2= squared
x2+y2+z2+36 then square rooted and then the number must be rational.
I need x y and z. I already used 10 8 and 5
To find values for x, y, and z such that the expression x^2 + y^2 + z^2 + 36 results in a rational square root, we can follow these steps:
Step 1: Start with the given expression: x^2 + y^2 + z^2 + 36.
Step 2: Square root the expression: √(x^2 + y^2 + z^2 + 36).
Step 3: Simplify the expression and make it rational: √(x^2 + y^2 + z^2 + 36) = rational.
Step 4: Substitute the known values of x, y, and z (in this case, x = 10, y = 8, z = 5) into the expression: √(10^2 + 8^2 + 5^2 + 36).
Step 5: Calculate the square root expression with the substituted values: √(100 + 64 + 25 + 36) = √(225 + 36) = √261.
At this point, we need to determine whether √261 is a rational number or not. A rational number is any number that can be written as a fraction, where the numerator and the denominator are both integers. To determine if √261 is rational, we need to check if it can be expressed as a fraction (i.e., a rational number) or not.

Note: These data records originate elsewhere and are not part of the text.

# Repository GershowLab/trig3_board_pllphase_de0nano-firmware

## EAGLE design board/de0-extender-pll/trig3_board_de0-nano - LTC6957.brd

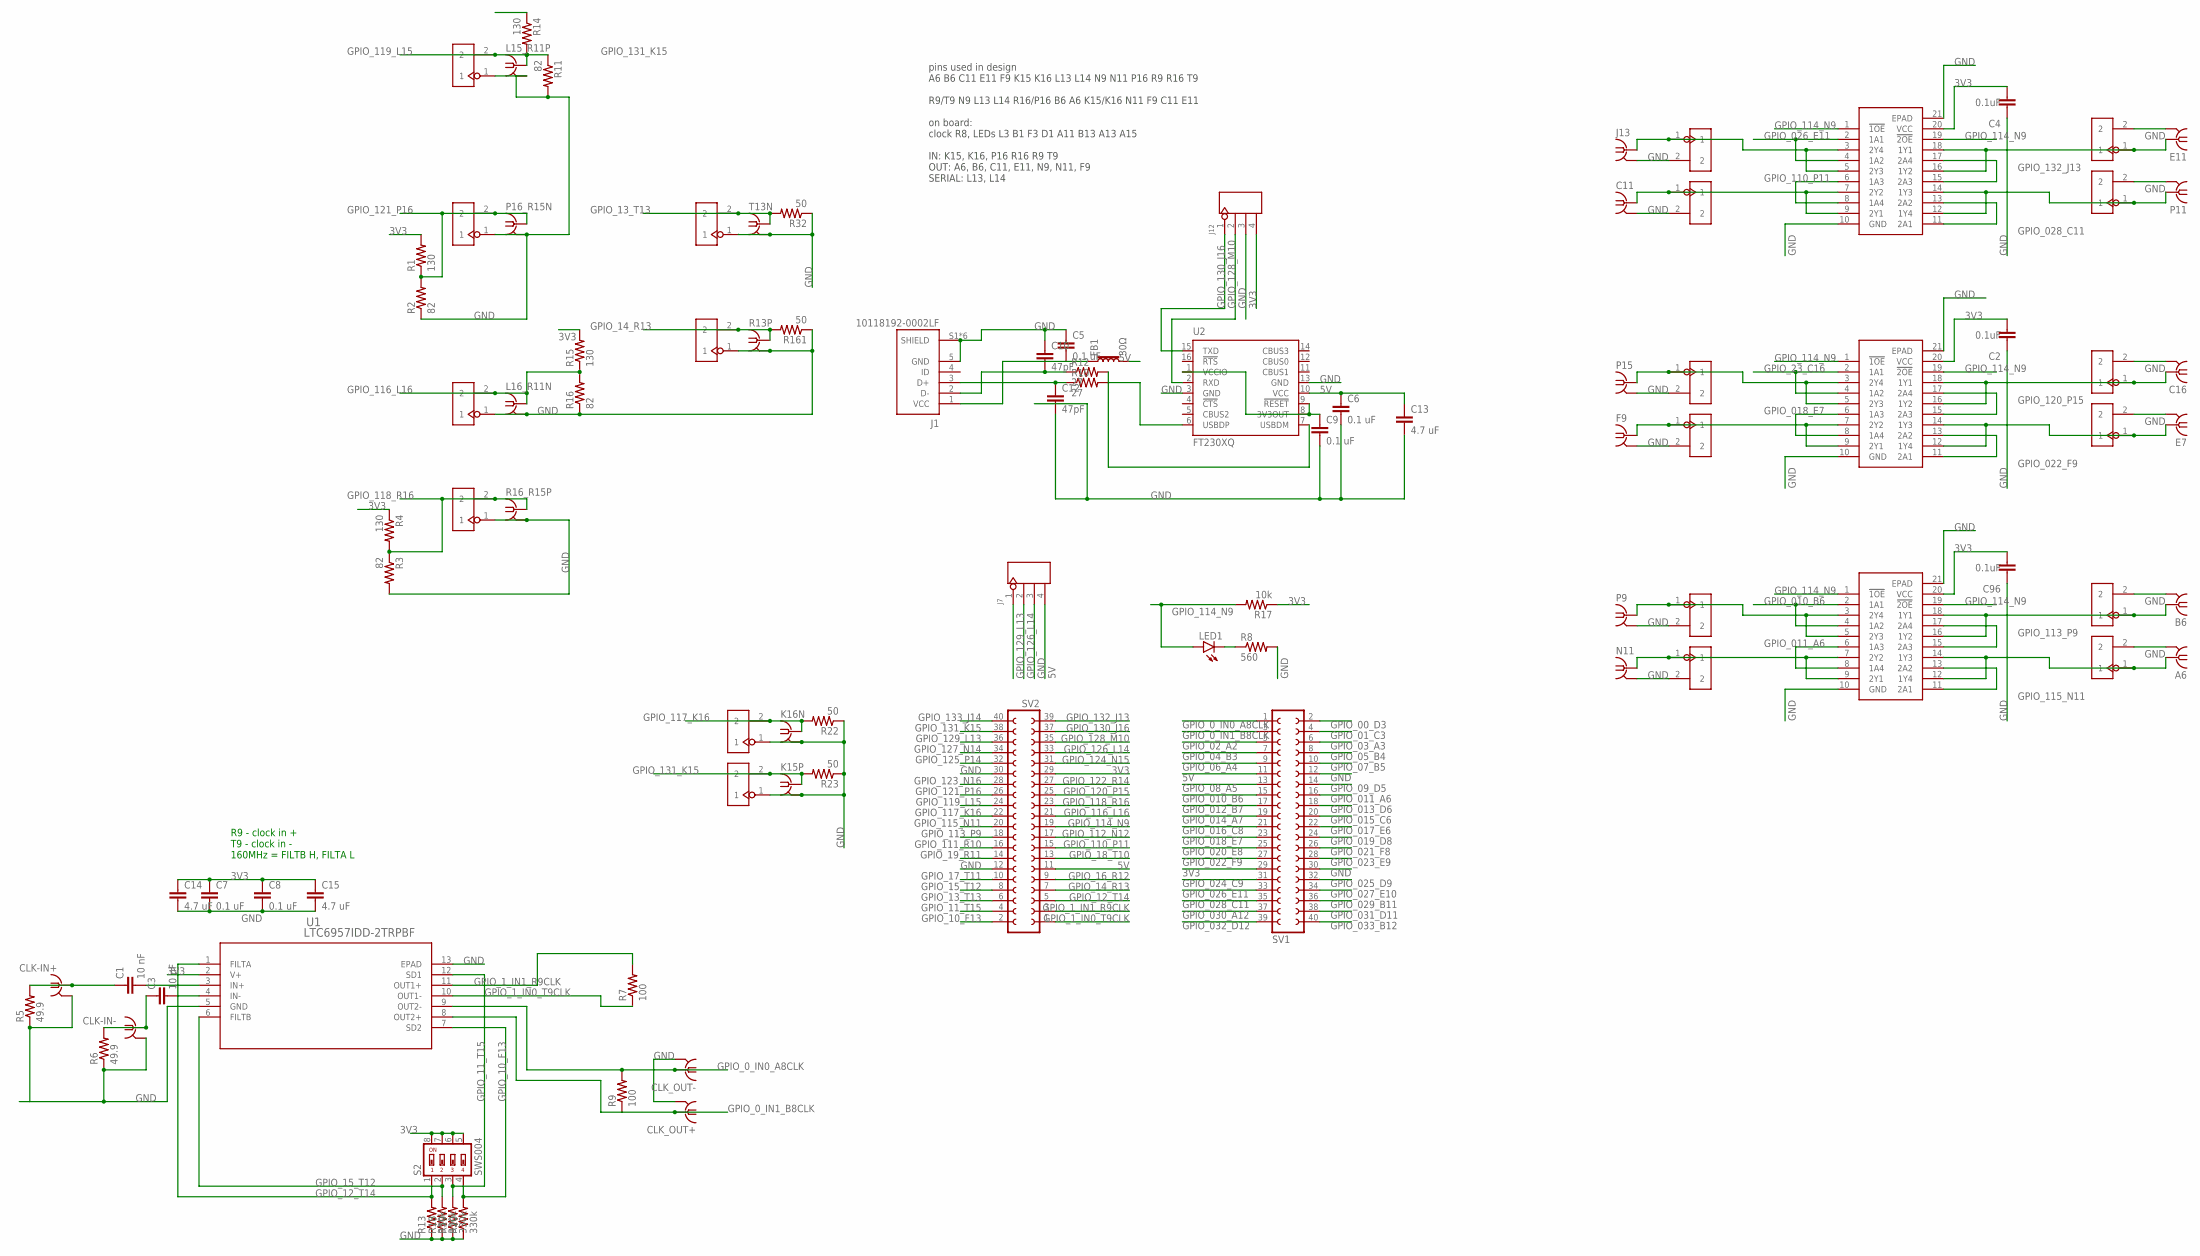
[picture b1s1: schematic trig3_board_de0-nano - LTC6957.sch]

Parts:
A6: BU-SMB-V; LCSC_PART# C496549
B6: BU-SMB-V; LCSC_PART# C496549
C1, C3: 10 nF; C0603; LCSC_PART# C57112
C2, C4, C96: 0.1uF; C0603; LCSC_PART# C14663
C5, C6, C7, C8, C9: 0.1 uF; C0603; LCSC_PART# C14663
C10, C12: 47pF; C0603; LCSC_PART# C1671
C11, C16: BU-SMB-V; LCSC_PART# C496549
C13, C14, C15: 4.7 uF; C0603; LCSC_PART# C19666
CLK-IN+: BU-SMB-V; LCSC_PART# C496549
CLK-IN-: BU-SMB-V; LCSC_PART# C496549
CLK_OUT+: BU-SMB-V; LCSC_PART# C496549
CLK_OUT-: BU-SMB-V; LCSC_PART# C496549
E7, E11: BU-SMB-V; LCSC_PART# C496549
F9: BU-SMB-V; LCSC_PART# C496549
FB1: 30Ω; 0603; LCSC_PART# C1002
J1: 10118192-0002LF; AMPHENOL_10118192-0002LF; LCSC_PART# C132564
J7, J12: 4p-2.54; H4-2.54
J13: BU-SMB-V; LCSC_PART# C496549
J17, J23, J24, J32, J34, J38, J42, J43: 2p-2.54; H2-2.54
K15P, K16N: BU-SMB-V; LCSC_PART# C496549
L15_R11P, L16_R11N: BU-SMB-V; LCSC_PART# C496549
LED1: red; SML0805; LCSC_PART# C84256
N11: BU-SMB-V; LCSC_PART# C496549
OJ41, OJ42, OJ43, OJ44, OJ57, OJ58, OJ59, OJ60, OJ73, OJ74, OJ75, OJ76: 2p-2.54; H2-2.54
P9, P11, P15, P16_R15N: BU-SMB-V; LCSC_PART# C496549
R1, R4, R14, R15: 130; R0603; LCSC_PART# C22796
R2, R3, R11, R16: 82; R0603; LCSC_PART# C23255
R5, R6: 49.9; R0603; LCSC_PART# C23185
R7, R9: 100; R0603; LCSC_PART# C22775
R8: 560; R0805; LCSC_PART# C28636
R10, R12: 27; R0603; LCSC_PART# C25190
R13, R18, R19, R20: 330k; R0603; LCSC_PART# C23137
R13P, R16_R15P: BU-SMB-V; LCSC_PART# C496549
R17: 10k; AXIAL-0.3
R22, R23, R32, R161: 50; AXIAL-0.3
S2: SWS004; SMS-004; LCSC_PART# C221954
SV1, SV2: FE20-2
T13N: BU-SMB-V; LCSC_PART# C496549
U1: LTC6957IDD-2TRPBF; DFN-12_DD_LIT; LCSC_PART# C689878
U2: FT230XQ; QFN16; LCSC_PART# C128629
U3, U4, U5: SN74LVTH244ARGYR; RGY20_3P05X2P05; LCSC_PART# C2869480

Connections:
3V3: C2.2, C4.2, C7.1, C8.1, C14.1, C15.1, C96.2, J12.4, R1.2, R4.1, R14.1, R15.2, R17.P$1 (1), S2.5, S2.6, S2.7, S2.8, SV1.29, SV2.29, U1.2 (V+), U3.20 (VCC), U4.20 (VCC), U5.20 (VCC)
5V: C6.1, C13.1, FB1.2, J7.4, SV1.11, SV2.11, U2.10 (VCC)
GND: A6.2, A6.3 (2), A6.4 (2), A6.5 (2), B6.2, B6.3 (2), B6.4 (2), B6.5 (2), C2.1, C4.1, C5.1, C6.2, C7.2, C8.2, C9.2, C10.1, C11.2, C11.3 (2), C11.4 (2), C11.5 (2), C12.2, C13.2, C14.2, C15.2, C16.2, C16.3 (2), C16.4 (2), C16.5 (2), C96.1, CLK-IN+.2, CLK-IN+.3 (2), CLK-IN+.4 (2), CLK-IN+.5 (2), CLK-IN-.2, CLK-IN-.3 (2), CLK-IN-.4 (2), CLK-IN-.5 (2), CLK_OUT+.2, CLK_OUT+.3 (2), CLK_OUT+.4 (2), CLK_OUT+.5 (2), CLK_OUT-.2, CLK_OUT-.3 (2), CLK_OUT-.4 (2), CLK_OUT-.5 (2), E7.2, E7.3 (2), E7.4 (2), E7.5 (2), E11.2, E11.3 (2), E11.4 (2), E11.5 (2), F9.2, F9.3 (2), F9.4 (2), F9.5 (2), J1.5 (GND), J1.S1 (SHIELD), J1.S2 (SHIELD), J1.S3 (SHIELD), J1.S4 (SHIELD), J1.S5 (SHIELD), J1.S6 (SHIELD), J7.3, J12.3, J13.2, J13.3 (2), J13.4 (2), J13.5 (2), J17.1, J23.1, J24.1, J32.1, J34.1, J38.1, J42.1, J43.1, K15P.2, K15P.3 (2), K15P.4 (2), K15P.5 (2), K16N.2, K16N.3 (2), K16N.4 (2), K16N.5 (2), L15_R11P.2, L15_R11P.3 (2), L15_R11P.4 (2), L15_R11P.5 (2), L16_R11N.2, L16_R11N.3 (2), L16_R11N.4 (2), L16_R11N.5 (2), N11.2, N11.3 (2), N11.4 (2), N11.5 (2), OJ41.2, OJ42.2, OJ43.2, OJ44.2, OJ57.2, OJ58.2, OJ59.2, OJ60.2, OJ73.2, OJ74.2, OJ75.2, OJ76.2, P9.2, P9.3 (2), P9.4 (2), P9.5 (2), P11.2, P11.3 (2), P11.4 (2), P11.5 (2), P15.2, P15.3 (2), P15.4 (2), P15.5 (2), P16_R15N.2, P16_R15N.3 (2), P16_R15N.4 (2), P16_R15N.5 (2), R2.1, R3.2, R5.1, R6.1, R8.2, R11.2, R13.1, R13P.2, R13P.3 (2), R13P.4 (2), R13P.5 (2), R16.1, R16_R15P.2, R16_R15P.3 (2), R16_R15P.4 (2), R16_R15P.5 (2), R18.1, R19.1, R20.1, R22.P$1 (1), R23.P$1 (1), R32.P$1 (1), R161.P$1 (1), SV1.12, SV1.30, SV2.12, SV2.30, T13N.2, T13N.3 (2), T13N.4 (2), T13N.5 (2), U1.5 (GND), U1.13 (EPAD), U2.3 (GND), U2.13 (GND), U3.10 (GND), U3.21 (EPAD), U4.10 (GND), U4.21 (EPAD), U5.10 (GND), U5.21 (EPAD)
GPIO_00_D3: SV1.2
GPIO_0_IN0_A8CLK: CLK_OUT-.1, R9.2, SV1.1, U1.9 (OUT2-)
GPIO_0_IN1_B8CLK: CLK_OUT+.1, R9.1, SV1.3, U1.8 (OUT2+)
GPIO_01_C3: SV1.4
GPIO_1_IN0_T9CLK: R7.1, SV2.1, U1.10 (OUT1-)
GPIO_1_IN1_R9CLK: R7.2, SV2.3, U1.11 (OUT1+)
GPIO_02_A2: SV1.5
GPIO_03_A3: SV1.6
GPIO_04_B3: SV1.7
GPIO_05_B4: SV1.8
GPIO_06_A4: SV1.9
GPIO_07_B5: SV1.10
GPIO_08_A5: SV1.13
GPIO_09_D5: SV1.14
GPIO_010_B6: SV1.15, U5.2 (1A1), U5.4 (1A2)
GPIO_10_F13: R20.2, S2.4, SV2.2, U1.7 (SD2)
GPIO_011_A6: SV1.16, U5.6 (1A3), U5.8 (1A4)
GPIO_11_T15: R19.2, S2.3, SV2.4, U1.12 (SD1)
GPIO_012_B7: SV1.17
GPIO_12_T14: R13.2, S2.1, SV2.5, U1.1 (FILTA)
GPIO_013_D6: SV1.18
GPIO_13_T13: J38.2, R32.P$2 (2), SV2.6, T13N.1
GPIO_014_A7: SV1.19
GPIO_14_R13: J17.2, R13P.1, R161.P$2 (2), SV2.7
GPIO_015_C6: SV1.20
GPIO_15_T12: R18.2, S2.2, SV2.8, U1.6 (FILTB)
GPIO_016_C8: SV1.21
GPIO_16_R12: SV2.9
GPIO_017_E6: SV1.22
GPIO_17_T11: SV2.10
GPIO_018_E7: SV1.23, U4.6 (1A3), U4.8 (1A4)
GPIO_18_T10: SV2.13
GPIO_019_D8: SV1.24
GPIO_19_R11: SV2.14
GPIO_020_E8: SV1.25
GPIO_021_F8: SV1.26
GPIO_022_F9: SV1.27, U4.11 (2A1), U4.13 (2A2)
GPIO_23_C16: U4.2 (1A1), U4.4 (1A2)
GPIO_023_E9: SV1.28
GPIO_024_C9: SV1.31
GPIO_025_D9: SV1.32
GPIO_026_E11: SV1.33, U3.2 (1A1), U3.4 (1A2)
GPIO_027_E10: SV1.34
GPIO_028_C11: SV1.35, U3.11 (2A1), U3.13 (2A2)
GPIO_029_B11: SV1.36
GPIO_030_A12: SV1.37
GPIO_031_D11: SV1.38
GPIO_032_D12: SV1.39
GPIO_033_B12: SV1.40
GPIO_110_P11: SV2.15, U3.6 (1A3), U3.8 (1A4)
GPIO_111_R10: SV2.16
GPIO_112_N12: SV2.17
GPIO_113_P9: SV2.18, U5.15 (2A3), U5.17 (2A4)
GPIO_114_N9: LED1.A, R17.P$2 (2), SV2.19, U3.1 (!1OE), U3.19 (!2OE), U4.1 (!1OE), U4.19 (!2OE), U5.1 (!1OE), U5.19 (!2OE)
GPIO_115_N11: SV2.20, U5.11 (2A1), U5.13 (2A2)
GPIO_116_L16: J32.2, L16_R11N.1, R15.1, R16.2, SV2.21
GPIO_117_K16: J23.2, K16N.1, R22.P$2 (2), SV2.22
GPIO_118_R16: J34.2, R3.1, R4.2, R16_R15P.1, SV2.23
GPIO_119_L15: J43.2, L15_R11P.1, R11.1, R14.2, SV2.24
GPIO_120_P15: SV2.25, U4.15 (2A3), U4.17 (2A4)
GPIO_121_P16: J42.2, P16_R15N.1, R1.1, R2.2, SV2.26
GPIO_122_R14: SV2.27
GPIO_123_N16: SV2.28
GPIO_124_N15: SV2.31
GPIO_125_P14: SV2.32
GPIO_126_L14: J7.2, SV2.33
GPIO_127_N14: SV2.34
GPIO_128_M10: J12.2, SV2.35, U2.2 (RXD)
GPIO_129_L13: J7.1, SV2.36
GPIO_130_J16: J12.1, SV2.37, U2.15 (TXD)
GPIO_131_K15: J24.2, K15P.1, R23.P$2 (2), SV2.38
GPIO_132_J13: SV2.39, U3.15 (2A3), U3.17 (2A4)
GPIO_133_J14: SV2.40
unnamed: C1.1, CLK-IN+.1, R5.2
unnamed: C3.1, CLK-IN-.1, R6.2
unnamed: C1.2, U1.3 (IN+)
unnamed: C3.2, U1.4 (IN-)
unnamed: C5.2, FB1.1, J1.1 (VCC)
unnamed: C12.1, J1.3 (D+), R10.1
unnamed: LED1.C, R8.1
unnamed: C10.2, J1.2 (D-), R12.1
unnamed: R10.2, U2.6 (USBDP)
unnamed: R12.2, U2.7 (USBDM)
unnamed: C9.1, U2.1 (VCCIO), U2.8 (3V3OUT), U2.9 (!RESET)
OUT21: B6.1, OJ44.1, U5.16 (1Y2), U5.18 (1Y1)
OUT22: A6.1, OJ43.1, U5.12 (1Y4), U5.14 (1Y3)
OUT23: OJ41.1, P9.1, U5.3 (2Y4), U5.5 (2Y3)
OUT24: N11.1, OJ42.1, U5.7 (2Y2), U5.9 (2Y1)
OUT29: C16.1, OJ60.1, U4.16 (1Y2), U4.18 (1Y1)
OUT30: E7.1, OJ59.1, U4.12 (1Y4), U4.14 (1Y3)
OUT31: OJ57.1, P15.1, U4.3 (2Y4), U4.5 (2Y3)
OUT32: F9.1, OJ58.1, U4.7 (2Y2), U4.9 (2Y1)
OUT37: E11.1, OJ76.1, U3.16 (1Y2), U3.18 (1Y1)
OUT38: OJ75.1, P11.1, U3.12 (1Y4), U3.14 (1Y3)
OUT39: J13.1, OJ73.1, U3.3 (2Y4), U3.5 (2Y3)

By calculating the square root of 261, we find that √261 ≈ 16.155494... (the decimal value is approximate).
Since √261 is not a perfect square and cannot be expressed as a fraction, it is an irrational number. Therefore, it is not possible to find specific values for x, y, and z that satisfy the given conditions and result in a rational square root.